Thank you, Sir Nicholas. I was premature in my thanks to the hon. Member for Carshalton and Wallington. I was simply trying to recognise what I believe to be the good intent behind the amendments, which seek to explore the Government’s intentions.

If you will allow me, Sir Nicholas, I refer the Committee to page 35 of the explanatory notes, which provides the context for clause 48. With the clause, we are moving the existing law on the requirement of good character from the Immigration Act 1971 into nationality law. As I mentioned in our opening sitting, this is part of the jigsaw puzzle that is trying to prepare the way for the simplification Bill. The clause shows the beautiful symmetry of our legislation and I hope that the Committee will support it.

Amendment 56, which was proposed by the hon. Member for Ashford, addresses the understanding and definition of good character. There has been a good  character requirement for naturalisation—not indefinite leave to remain—since the British Nationality Act 1981, which came into force on 1 January 1983. That requirement was subsequently added to by other registration provisions, particularly those in section 58 of the Immigration, Asylum and Nationality Act 2006. The requirement applies to adults and minors over the age of 10. We chose 10 as it is the age of criminal responsibility in England and Wales—it is not the same in overseas dependencies or Scotland, but we thought it was consistent with common sense. There is no definition of good character in the 1981 Act. Thus, there is no statutory guidance as to how the requirement should be interpreted or tested. The amendment is extremely helpful in teasing that out.
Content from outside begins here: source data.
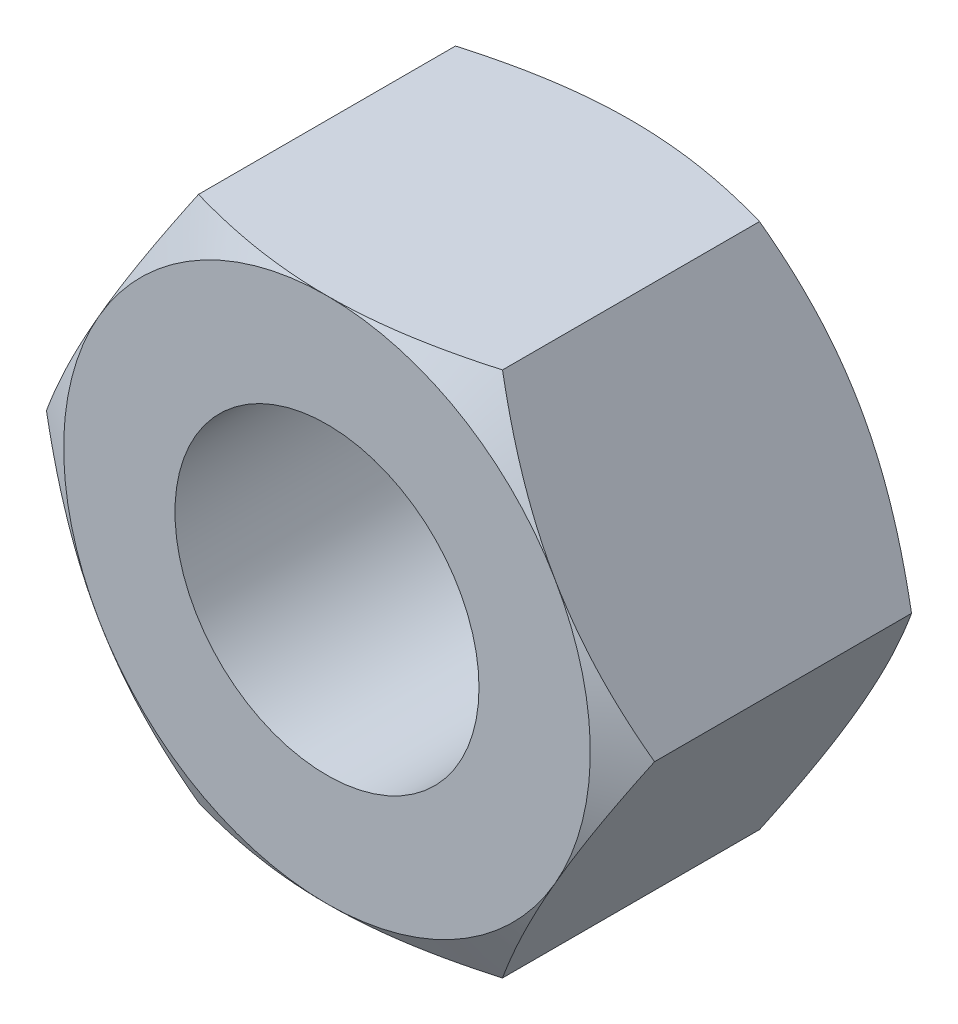
from build123d import *

# Parameters (mm, degrees)
SKETCH4_R           = 4.5
BOSS_EXTRUDE1_DEPTH = 4.5
SKETCH5_OUTSIDE_W   = 56.268
SKETCH5_OUTSIDE_H   = 53.856
SKETCH5_OUTSIDE_R   = 7.794228634
CUT_EXTRUDE1_DEPTH  = 9
CUT_EXTRUDE1_TAPER  = 60


with BuildPart() as part:
    # Sketch4 → Boss-Extrude1 (new body, symmetric)
    with BuildSketch(Plane.XY):
        Polygon((4.5, 7.794228634), (-4.5, 7.794228634), (-9, 0), (-4.5, -7.794228634), (4.5, -7.794228634), (9, 0), align=None)
        Circle(SKETCH4_R, mode=Mode.SUBTRACT)
    extrude(amount=BOSS_EXTRUDE1_DEPTH, both=True)

    # Sketch5 outside → Cut-Extrude1 (cut)
    with BuildSketch(Plane.XY.offset(4.5)):
        Rectangle(SKETCH5_OUTSIDE_W, SKETCH5_OUTSIDE_H)
        Circle(SKETCH5_OUTSIDE_R, mode=Mode.SUBTRACT)
    cut_extrude1 = extrude(amount=-CUT_EXTRUDE1_DEPTH, taper=CUT_EXTRUDE1_TAPER, mode=Mode.SUBTRACT)

    # Mirror1: Cut-Extrude1 across plane
    add(cut_extrude1.mirror(Plane.XY), mode=Mode.SUBTRACT)


solid = part.part
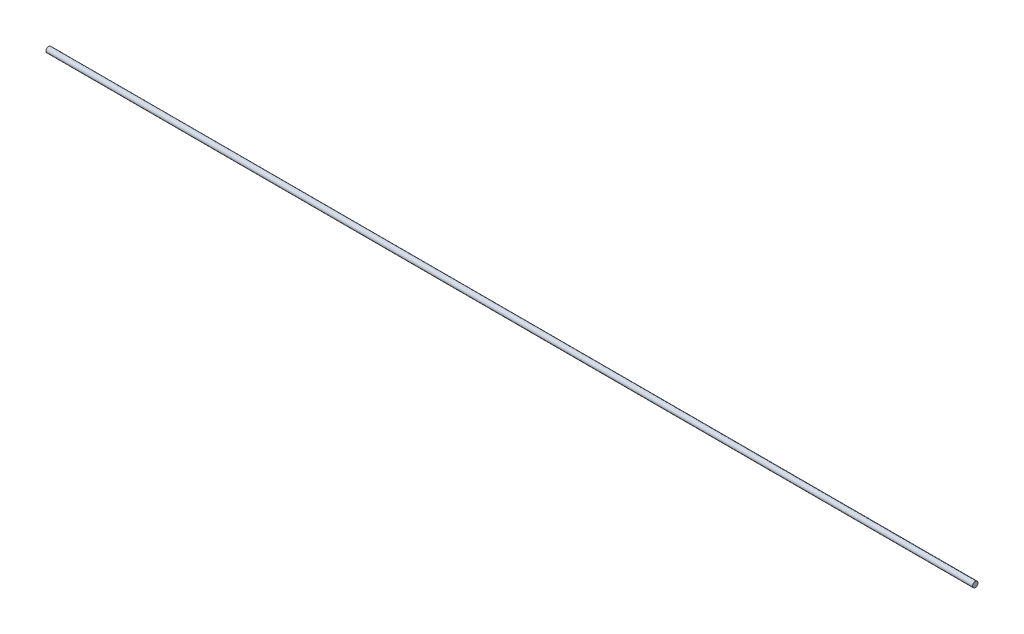
from build123d import *

# Parameters (mm, degrees)
SKETCH1_R           = 3
SKETCH1_R_2         = 0.003
BOSS_EXTRUDE1_DEPTH = 511


with BuildPart() as part:
    # Sketch1 → Boss-Extrude1 (new body, symmetric)
    with BuildSketch(Plane(origin=(0, 0, 0), x_dir=(0, 0, -1), z_dir=(1, 0, 0))):
        Circle(SKETCH1_R)
        Circle(SKETCH1_R_2, mode=Mode.SUBTRACT)
    extrude(amount=BOSS_EXTRUDE1_DEPTH, both=True)


solid = part.part

Let me explain why we prefer that approach. In considering whether the good character requirement is met, we have taken into account a range of criteria. We would not expect to naturalise a person if they did not respect or were not prepared to abide by the law, if their financial affairs were not in order, if their activities were notorious and cast serious doubt about their standing in the community, if they had practised deceit in their dealings with the Home Office, the Department for Work and Pensions or Her Majesty’s Revenue and Customs, or if they had assisted in the evasion of immigration control. All applicants over the age of 10 are subject to criminal records checks; the exceptions are applications from British nationals to register as British citizens and applications from certain stateless persons. Results from checks against the police national computer are considered, as are Interpol notices. Where applicants are identified as subject to international arrest warrants, the police are advised and extradition is considered.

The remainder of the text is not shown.